# Ron Grimsled- Outers 1970s



## Red Baron (Oct 29, 2017)

My step father bequeathed his completion bows, trophies, and supplies to me upon his passing. 
I remember growing up in Onalaska and following him around to different meets promoting Outers Industries. He was a staff shooter for them and got me my first bow. It was an Astro and was one of the best gifts I had ever received. 
My son, and now my granddaughter are archers and I enjoy sharing the stories from my child hood and showing them the early wheeled bows I learned on. 
If anyone remembers him or can share stories I'd love to hear so I can share them with my children. 
Thx, Stu


----------



## kballer1 (Aug 31, 2010)

Ron & his brother Dave were staff shooters for Astro Bows when we (Astro Bows Inc.) were building bows in West Allis,WI.
Before Outer's Lab's of Onalaska,WI. Purchased Astro & moved it to Onalaska. If I remember right I believe they were shooting the Astro Recurve before switching to the compound. Now I am pressing my memory as Astro was sold in 1975
to Outer's so we are going back a couple of years.
I remember back when they would come down from La Crosse,WI. & I would assemble bows & tune them to there spects
& at that time we also had Broken Arrow archery range & they would go & shoot there new bows to make sure they 
were adjusted to the spects that they wanted.
Ron will be missed & hope is RIP. I haven't seen his brother Dave in a while, is he still with us?


----------



## Datadiver08 (11 mo ago)

kballer1 said:


> Ron & his brother Dave were staff shooters for Astro Bows when we (Astro Bows Inc.) were building bows in West Allis,WI.
> Before Outer's Lab's of Onalaska,WI. Purchased Astro & moved it to Onalaska. If I remember right I believe they were shooting the Astro Recurve before switching to the compound. Now I am pressing my memory as Astro was sold in 1975
> to Outer's so we are going back a couple of years.
> I remember back when they would come down from La Crosse,WI. & I would assemble bows & tune them to there spects
> ...


----------



## Datadiver08 (11 mo ago)

I am still around.

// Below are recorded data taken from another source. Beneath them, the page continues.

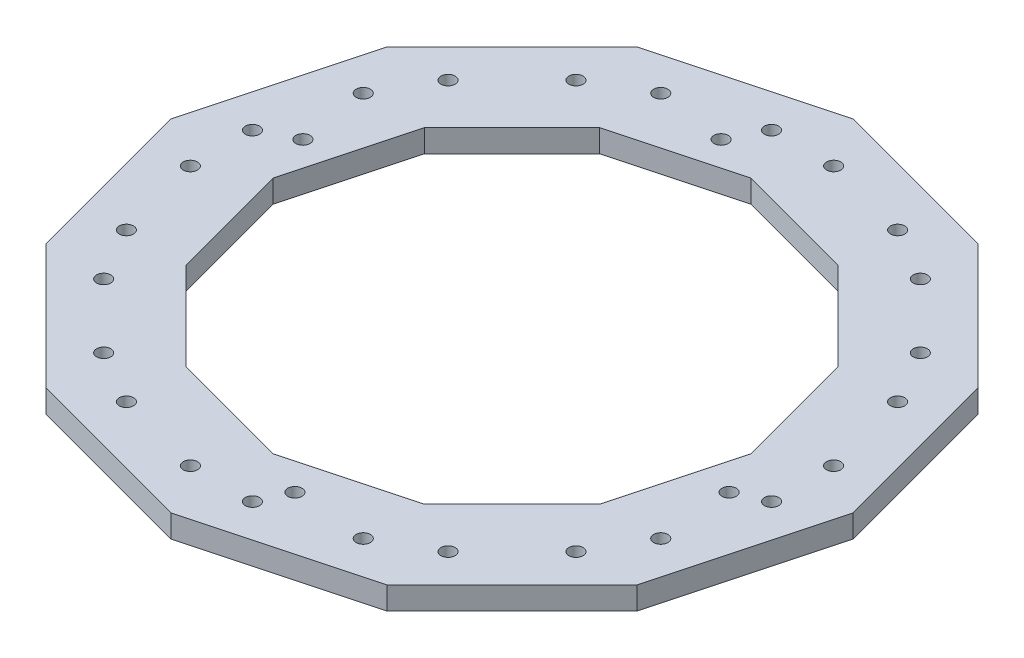
SolidWorks part; units mm, degrees
ref_plane "Front Plane" through (0, 0, 0) normal (0, 0, 1) x (1, 0, 0)
ref_plane "Top Plane" through (0, 0, 0) normal (0, 1, 0) x (1, 0, 0)
ref_plane "Right Plane" through (0, 0, 0) normal (1, 0, 0) x (0, 0, -1)
sketch "Sketch1" plane through (0, 0, 0) normal (0, 1, 0) x (1, 0, 0)
  line L1 (0, 60) -> (-30, 51.9615)
  line L2 (-30, 51.9615) -> (-51.9615, 30)
  line L3 (-51.9615, 30) -> (-60, 0)
  line L4 (-60, 0) -> (-51.9615, -30)
  line L5 (-51.9615, -30) -> (-30, -51.9615)
  line L6 (-30, -51.9615) -> (0, -60)
  line L7 (0, -60) -> (30, -51.9615)
  line L8 (30, -51.9615) -> (51.9615, -30)
  line L9 (51.9615, -30) -> (60, 0)
  line L10 (60, 0) -> (51.9615, 30)
  line L11 (51.9615, 30) -> (30, 51.9615)
  line L12 (30, 51.9615) -> (0, 60)
  circle A0 centre (0, 0) radius 60 construction
  dimension "D1" = 60
extrude "Boss-Extrude1" add sketch "Sketch1" along normal blind 4
sketch "Sketch2" plane through (0, 4, 0) normal (0, 1, 0) x (1, 0, 0)
  line L0 (0, 0) -> (-40.9808, 40.9808) construction
  line L1 (-30, 51.9615) -> (-51.9615, 30) construction
  line L2 (-46.9912, 20.8282) -> (-20.8282, 46.9912) construction
  point P5 (-33.9097, 33.9097)
  dimension "D1" = 10
  dimension "D2" = 37
hole_wizard "Ø2.5mm Dowel Hole1" positions "Sketch6" profile "Sketch5" hole size "Ø2.5" standard "ANSI Metric" end condition through all
sketch "Sketch6" plane through (0, 4, 0) normal (0, 1, 0) x (1, 0, 0)
  point P0 (-46.9912, 20.8282)
  point P3 (-20.8282, 46.9912)
sketch "Sketch5" plane through (-46.9912, 4, -20.8282) normal (1, 0, 0) x (0, 0, 1)
  line L0 (0, 0) -> (0, 4)
  line L1 (0, 4) -> (1.25, 4)
  line L2 (1.25, 4) -> (1.25, 0)
  line L5 (1.25, 0) -> (0, 0)
  line L11 (0, -6.35) -> (0, 107.95) construction
  dimension "Thru Hole Dia." = 2.5
  dimension "Thru Hole Depth" = 4
ref_axis "Axis1" through (0, 4, 0) along (0, 1, 0)
pattern_circular "CirPattern2" count 12 over 360 about axis through (0, 4, 0) along (0, 1, 0) of "Ø2.5mm Dowel Hole1"
sketch "Sketch7" plane through (0, 4, 0) normal (0, 1, 0) x (1, 0, 0)
  line L0 (-40.9808, 40.9808) -> (40.9808, -40.9808) construction
  line L1 (30, -51.9615) -> (51.9615, -30) construction
  line L2 (26.8701, -26.8701) -> (-26.8701, 26.8701)
  line L3 (-8.4853, 45.2548) -> (-45.2548, 8.4853) construction
  line L4 (7.7782, -45.9619) -> (45.9619, -7.7782) construction
  dimension "D1" = 76
  dimension "D2" = 54
  dimension "D3" = 52
hole_wizard "Ø2.5mm Dowel Hole2" positions "Sketch9" profile "Sketch8" hole size "Ø2.5" standard "ANSI Metric" end condition through all
sketch "Sketch9" plane through (0, 4, 0) normal (0, 1, 0) x (1, 0, 0)
  point P0 (-45.2548, 8.4853)
  point P3 (-8.4853, 45.2548)
  point P6 (45.9619, -7.7782)
  point P9 (7.7782, -45.9619)
sketch "Sketch8" plane through (-45.2548, 4, -8.4853) normal (1, 0, 0) x (0, 0, 1)
  line L0 (0, 0) -> (0, 4)
  line L1 (0, 4) -> (1.25, 4)
  line L2 (1.25, 4) -> (1.25, 0)
  line L5 (1.25, 0) -> (0, 0)
  line L11 (0, -6.35) -> (0, 107.95) construction
  dimension "Thru Hole Dia." = 2.5
  dimension "Thru Hole Depth" = 4
sketch "Sketch10" plane through (0, 4, 0) normal (0, 1, 0) x (1, 0, 0)
  line L0 (-30, 51.9615) -> (-51.9615, 30) construction
  line L1 (0, 42) -> (-21, 36.3731)
  line L2 (-21, 36.3731) -> (-36.3731, 21)
  line L3 (-36.3731, 21) -> (-42, 0)
  line L4 (-42, 0) -> (-36.3731, -21)
  line L5 (-36.3731, -21) -> (-21, -36.3731)
  line L6 (-21, -36.3731) -> (0, -42)
  line L7 (0, -42) -> (21, -36.3731)
  line L8 (21, -36.3731) -> (36.3731, -21)
  line L9 (36.3731, -21) -> (42, 0)
  line L10 (42, 0) -> (36.3731, 21)
  line L11 (36.3731, 21) -> (21, 36.3731)
  line L12 (21, 36.3731) -> (0, 42)
  circle A0 centre (0, 0) radius 40.5689 construction
  dimension "D1" = 42
extrude "Cut-Extrude1" cut sketch "Sketch10" against normal through all
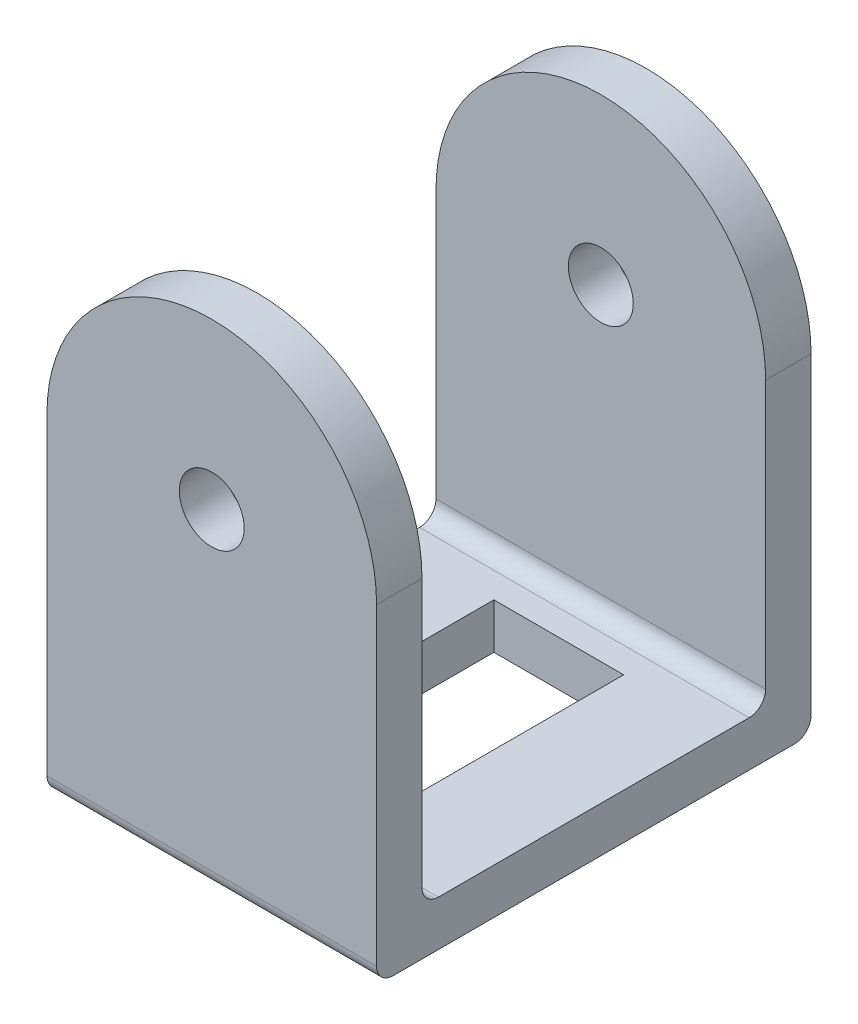
SolidWorks part; units mm, degrees
material "PBT General Purpose"
ref_plane "Front Plane" through (0, 0, 0) normal (0, 0, 1) x (1, 0, 0)
ref_plane "Top Plane" through (0, 0, 0) normal (0, 1, 0) x (1, 0, 0)
ref_plane "Right Plane" through (0, 0, 0) normal (1, 0, 0) x (0, 0, -1)
sketch "Sketch1" plane through (0, 0, 0) normal (0, 1, 0) x (1, 0, 0)
  line L1 (25.4, -33.48) -> (-25.4, -33.48)
  line L2 (25.4, -33.48) -> (25.4, 33.48)
  line L3 (25.4, 33.48) -> (-25.4, 33.48)
  line L4 (-25.4, -33.48) -> (-25.4, 33.48)
  line L5 (25.4, -33.48) -> (-25.4, 33.48) construction
  line L6 (25.4, 33.48) -> (-25.4, -33.48) construction
  point P0 (0, 0)
  dimension "D1" = 50.8
  dimension "D2" = 66.96
extrude "Boss-Extrude1" add sketch "Sketch1" along normal blind 7
sketch "Sketch2" plane through (0, 7, 0) normal (0, 1, 0) x (1, 0, 0)
  line L1 (10, -20) -> (-10, -20)
  line L2 (10, -20) -> (10, 20)
  line L3 (10, 20) -> (-10, 20)
  line L4 (-10, -20) -> (-10, 20)
  line L5 (10, -20) -> (-10, 20) construction
  line L6 (10, 20) -> (-10, -20) construction
  point P0 (0, 0)
  dimension "D1" = 20
  dimension "D2" = 40
extrude "Cut-Extrude1" cut sketch "Sketch2" against normal blind 7
sketch "Sketch3" plane through (0, 7, 0) normal (0, 1, 0) x (1, 0, 0)
  line L0 (25.4, -33.48) -> (25.4, 33.48) construction
  line L1 (-25.4, 33.48) -> (25.4, 33.48)
  line L2 (-25.4, 33.48) -> (-25.4, 26.48)
  line L3 (-25.4, 26.48) -> (25.4, 26.48)
  line L4 (25.4, 33.48) -> (25.4, 26.48)
  line L5 (-25.4, 33.48) -> (-25.4, -33.48) construction
  line L6 (25.4, -33.48) -> (-25.4, -33.48)
  line L7 (25.4, -33.48) -> (25.4, -26.48)
  line L8 (25.4, -26.48) -> (-25.4, -26.48)
  line L9 (-25.4, -33.48) -> (-25.4, -26.48)
  dimension "D1" = 7
  dimension "D2" = 7
extrude "Boss-Extrude2" add sketch "Sketch3" along normal blind 69.2
fillet "Fillet2" 2 edges at (-25.4, 76.2, -29.98) (25.4, 76.2, -29.98) type full round first side face at (-25.4, 39.85, 0) second side face at (25.4, 39.85, 0) middle face at (0, 76.2, -29.98)
fillet "Fillet3" 2 edges at (-25.4, 76.2, 29.98) (25.4, 76.2, 29.98) type full round first side face at (-25.4, 33.5, 0) second side face at (25.4, 33.5, 0) middle face at (0, 76.2, 29.98)
sketch "Sketch4" plane through (0, 0, -26.48) normal (0, 0, 1) x (1, 0, 0)
  line L0 (0, 7) -> (0, 50.8) construction
  line L1 (-25.4, 7) -> (25.4, 7) construction
  circle A0 centre (0, 50.8) radius 5
  dimension "D2" = 10
  dimension "D1" = 43.8
extrude "Cut-Extrude2" cut sketch "Sketch4" against normal mid plane 800
fillet "Fillet5" radius 2.54 4 edges at (0, 7, 26.48) (0, 0, -33.48) (0, 0, 33.48) (0, 7, -26.48)
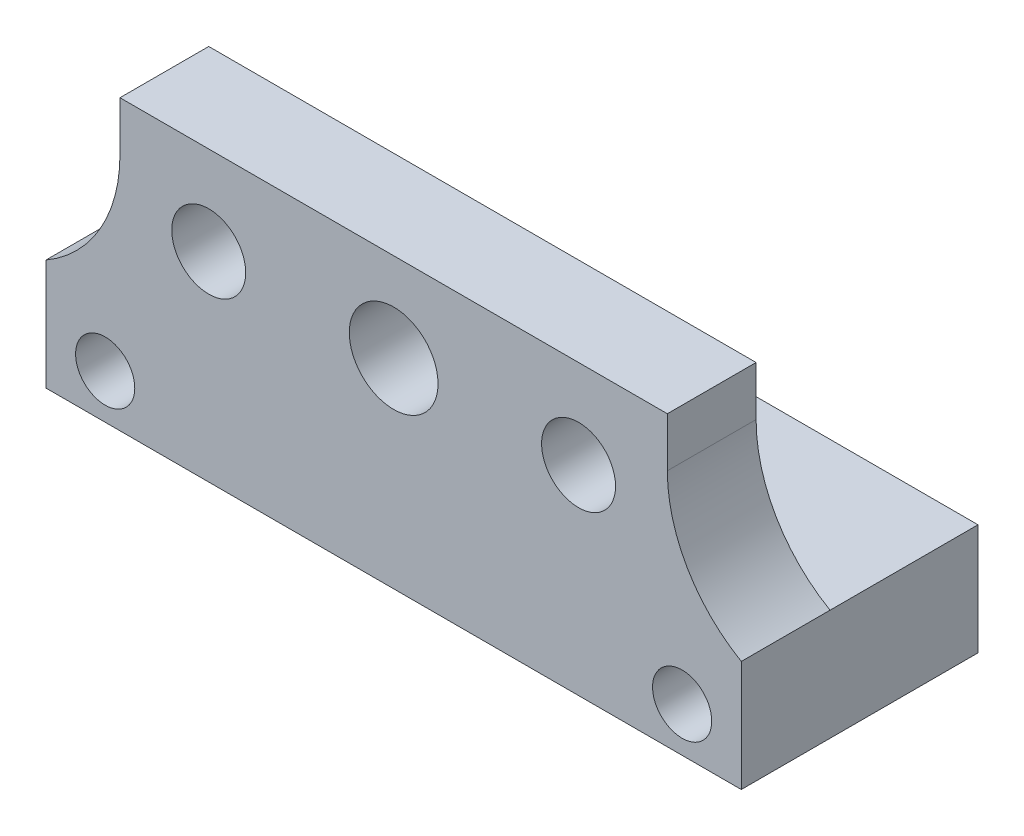
SolidWorks part; units mm, degrees
material "Polyetheretherketone (PEEK)"
ref_plane "Front Plane" through (0, 0, 0) normal (0, 0, 1) x (1, 0, 0)
ref_plane "Top Plane" through (0, 0, 0) normal (0, 1, 0) x (1, 0, 0)
ref_plane "Right Plane" through (0, 0, 0) normal (1, 0, 0) x (0, 0, -1)
ref_plane "Plane1" through (0, 0, 1.2) normal (0, 0, 1) x (1, 0, 0)
sketch "Sketch1" plane through (0, 0, 1.2) normal (0, 0, 1) x (1, 0, 0)
  line L0 (7.4, 2.4) -> (0, 2.4)
  line L1 (0, 2.4) -> (0, 0)
  line L2 (0, 0) -> (7.4, 0)
  line L3 (7.4, 0) -> (7.4, 2.4)
  line L5 (-1, 0) -> (8.4, 0)
  line L6 (-1, 0) -> (-1, -1.5)
  line L7 (-1, -1.5) -> (8.4, -1.5)
  line L8 (8.4, 0) -> (8.4, -1.5)
  point P8 (3.7, 0)
  point P9 (3.7, 0)
  dimension "D1" = 1.5
  dimension "D2" = 9.4
  dimension "D3" = 7.4
  dimension "D4" = 2.4
extrude "Boss-Extrude1" add sketch "Sketch1" against normal blind 1.2 contours L2 L3 L0 L1 | L8 L5 L2 L6 L7 region at (3.7, 1.2, 1.2) region at (3.7, -0.75, 1.2)
hole_wizard "Hole1" positions "Sketch8" profile "Sketch7" legacy end condition through all
sketch "Sketch8" plane through (0, 0, 1.2) normal (0, 0, 1) x (1, 0, 0)
  point P0 (6.2, 1.2)
  point P2 (1.2, 1.2)
  dimension "D1" = 1.2
  dimension "D2" = 1.2
  dimension "D3" = 5
sketch "Sketch7" plane through (6.2, 1.2, 1.2) normal (1, 0, 0) x (0, -1, 0)
  line L0 (0, 0) -> (0, 1.3803)
  line L1 (0, 1.3803) -> (0.3, 1.2)
  line L2 (0.3, 1.2) -> (0.3, 0.9)
  line L3 (0.3, 0.9) -> (0.5, 0.9)
  line L4 (0.5, 0) -> (0, 0)
  line L5 (0, -11.3109) -> (0, 121.1557) construction
  line L6 (0, 1.3803) -> (-0.3, 1.2) construction
  line L7 (0.5, 0.9) -> (0.5, 0)
  dimension "Depth" = 1.2
  dimension "Drill Angle" = 118
  dimension "Diameter" = 0.6
  dimension "C-Bore Diameter" = 1
  dimension "C-Bore Depth" = 0.9
sketch "Sketch11" plane through (0, 0, 0) normal (0, 0, -1) x (-1, 0, 0)
  line L1 (-8.4, 0) -> (1, 0)
  line L2 (-8.4, 0) -> (-8.4, -1.5)
  line L3 (-8.4, -1.5) -> (1, -1.5)
  line L4 (1, 0) -> (1, -1.5)
  dimension "D1" = 9.4
extrude "Boss-Extrude5" add sketch "Sketch11" along normal blind 2
fillet "Fillet1" radius 2 2 edges
hole_wizard "Ø0.8 (0.8) Diameter Hole1" positions "Sketch17" profile "Sketch16" hole size "Ø0.8" standard "ISO" end condition through all
sketch "Sketch17" plane through (0, 0, 1.2) normal (0, 0, 1) x (1, 0, 0)
  line L0 (-1, 0) -> (-1, -1.5) construction
  line L2 (8.4, -1.5) -> (-1, -1.5) construction
  point P0 (-0.2, -0.9)
  point P2 (7.6, -0.9)
  dimension "D1" = 7.8
  dimension "D2" = 0.8
  dimension "D3" = 0.6
sketch "Sketch16" plane through (-0.2, -0.9, 1.2) normal (1, 0, 0) x (0, -1, 0)
  line L0 (0, 0) -> (0, 3.2)
  line L1 (0, 3.2) -> (0.4, 3.2)
  line L2 (0.4, 3.2) -> (0.4, 0)
  line L5 (0.4, 0) -> (0, 0)
  line L11 (0, -6.35) -> (0, 107.95) construction
  dimension "Thru Hole Dia." = 0.8
  dimension "Thru Hole Depth" = 3.2
hole_wizard "M1.0 Clearance Hole1" positions "Sketch18" profile "Sketch19" hole size "M1.0" standard "ANSI Metric" end condition up to next
sketch "Sketch18" plane through (0, 0, 1.2) normal (0, 0, 1) x (1, 0, 0)
  line L0 (6.2, 1.2) -> (1.2, 1.2) construction
  circle A0 centre (6.2, 1.2) radius 0.3 construction
  circle A1 centre (6.2, 1.2) radius 0.3
  circle A2 centre (1.2, 1.2) radius 0.3 construction
  circle A3 centre (1.2, 1.2) radius 0.3
  point P13 (3.7, 1.2)
  point P16 (0, 0)
sketch "Sketch19" plane through (3.7, 1.2, 1.2) normal (1, 0, 0) x (0, -1, 0)
  line L0 (0, 0) -> (0, 1.2)
  line L1 (0, 1.2) -> (0.6, 1.2)
  line L2 (0.6, 1.2) -> (0.6, 0)
  line L5 (0.6, 0) -> (0, 0)
  line L11 (0, -6.35) -> (0, 107.95) construction
  dimension "Thru Hole Dia." = 1.2
  dimension "Thru Hole Depth" = 1.2

Thinking of taking it up again.


----------



## kballer1 (Aug 31, 2010)

Where are you located at? I am still shooting but not an Astro but I do still have some of them around yet. My main one I shoot in 76 that was painted by Frank Pearson, on of the first with a cable guard that i had made for Chek-It. Send me a PM would enjoy seeing you after all these years. Not many still around from that error!


----------



## arrowchucker222 (Jun 17, 2013)

I had 4 Astros. Target and a hunting 4 Wheeler. The when the 2 wheeler came out I was in hog heaven! A white one with red hardware and a 2 wheel hunting bow.
wish I still had that white and red bow.
Thanks Arrowchucker


----------